I am working on a FSI problem, where OpenFOAM is used on the fluid side and CalculiX on the structural side. Initially, I had 284,707 nodes on the OpenFOAM side and 3,590 surface nodes on the CalculiX side. RBF mapping was working correctly without any issues.
However, when I increased the number of nodes on the structural side to 30,432, I encountered a memory issue during mapping, causing the program to terminate.
But when I increased the number of structural nodes to 39,775, no matter how I adjusted the settings, I still couldn’t resolve the issue.I have reviewed the relevant papers, but I have not yet found clear debugging strategies that address my issue. I am curious as to why the RBF method might struggle with large-scale node mappings, particularly since the first-order nearest-neighbor mapping works without any issues.
Has anyone encountered similar issues have any suggestions on how to address this. @DavidSCN could you please provide any insights or suggestions on this issue? I’d greatly appreciate your expertise in understanding whether this is related to memory limitations or other aspects of RBF mapping.
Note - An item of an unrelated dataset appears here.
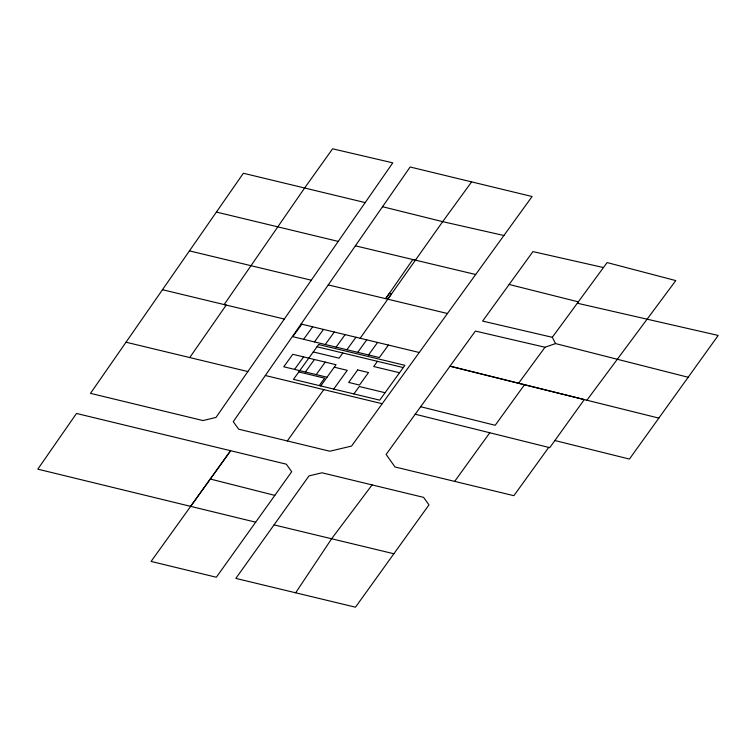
<?xml version="1.0" encoding="UTF-8"?>
<svg xmlns="http://www.w3.org/2000/svg" width="756" height="756" viewBox="0 0 756 756"><rect width="100%" height="100%" fill="white"/><g stroke="black" fill="none" stroke-linecap="round" stroke-linejoin="round"><path stroke-width="1.13" d="M295.662 592.789L331.875 538.385L372.094 484.908M365.195 202.589L243.366 173.256L90.493 393.356L203.005 420.563L216.008 417.416L392.789 162.842L332.602 148.809L304.611 188.017L224.163 304.573L284.322 319.051M189.747 357.569L226.224 305.074L162.483 289.718M265.318 375.515L410.13 167L532.101 196.522L351.54 446.078L329.814 451.228L238.66 429.191L233.254 421.668L265.318 375.515L382.215 403.713M387.819 299.196L391.561 293.857L389.34 293.337L385.664 298.677L412.823 259.525L475.694 274.504M360.158 338.253L442.666 221.659L471.612 181.894M287.337 440.946L323.785 389.623M274.834 495.378L291.712 471.697L286.307 464.175L76.498 413.456L37.8 469.155L255.67 522.188L274.834 495.378L210.3 479.03L151.077 561.434L216.339 577.244L255.67 522.188M274.041 524.9L308.996 475.893L321.99 472.793L423.596 497.372L428.973 504.876L355.481 607.191L235.834 578.397L274.041 524.9L393.848 553.751M210.3 479.03L230.627 450.718L190.644 506.35M586.883 400.226L675.788 280.589L607.106 262.568L577.3 303.222L718.2 335.437L629.427 459.062L554.885 440.531M301.842 324.201L292.808 336.694L379.361 357.55L388.395 345.057M303.628 339.302L312.663 326.809M294.575 369.391L303.61 356.898M314.449 341.91L323.483 329.418M305.396 371.999L314.43 359.506M325.269 344.519L334.303 332.026M316.216 374.607L325.25 362.115M336.089 347.117L345.123 334.625M319.268 385.579L324.636 378.161L298.818 371.943M342.837 352.995L339.094 358.174L313.277 351.946M320.724 385.938L336.061 364.723L292.789 354.29L283.755 366.783L327.027 377.216M346.909 349.726L355.944 337.233M357.72 352.334L366.755 339.841M333.708 389.066L347.259 370.327L334.275 367.199M368.541 354.942L377.575 342.449M353.893 393.923L359.261 386.505L385.069 392.733M377.461 361.34L373.71 366.518L399.527 372.746M688.187 377.272L555.565 343.583L545 347.25L475.392 331.071L386.127 454.45L395.01 466.972L513.863 495.69L548.714 447.42M555.565 343.583L552.296 337.299L482.621 321.083L532.933 251.606L603.458 267.548M454.668 481.383L489.784 432.772M415.205 414.222L549.744 447.665L584.293 399.574L524.503 384.738L495.189 425.288L420.648 406.719M518.607 383.245L545 347.25M552.296 337.299L578.331 301.861L509.157 284.473M503.912 235.503L442.666 221.659L382.545 206.709M355.386 245.823L415.403 260.14M328.255 284.917L447.476 313.504M216.405 212.067L338.244 241.4M189.444 250.879L311.283 280.202M301.068 324.012L419.249 352.494M317.019 346.768L403.269 367.558M126.006 342.213L247.845 371.546M658.845 418.106L449.99 366.188L524.503 384.738M318.645 344.528L293.451 379.361L379.701 400.151L404.895 365.318L318.645 344.528M357.701 369.939L348.667 382.432L359.487 385.04L368.522 372.547L357.701 369.939"/></g></svg>

Any help or suggestions would be greatly appreciated!
If I understand your problem correctly, RBF interpolation can be extremely costly, as it relies on heavy matrix computations behind the scenes. Furthermore, if you’re not using a method like Partition of Unity (PUM) or locally-supported RBF, the kernel matrix generated using your chosen RBF may be ill-conditioned, which can cause the solver to fail, although I believe preCICE will notify you in such cases.
The PUM method helps alleviate some of these issues by dividing the domain into smaller clusters, making the problem more manageable. An article written by David Schneider and Benjamin Uekermann, published in 2025 (there’s a post about it on this forum), explains this in detail.
You should also consider fine-tuning the support radius and vertices-per-cluster parameters to improve your results. 2000 for the vertices_per_cluster parameter seems a bit high, given that the default is 10. Reducing either of them might help with performance or stability. But I’m by no means an expert.
the choice of the support-radius produces ill-conditioned matrices
the clustering fails to generate a full coverage of your coupling meshes
preCICE tells you at runtime if you hit either of those scenarios. Since you run your code MPI parallel, the MPI termination shadows the preCICE error message. Depending on your logging configuration, you should still be able to identify which of the two scenarios applies to your case. So identifying this would be step one.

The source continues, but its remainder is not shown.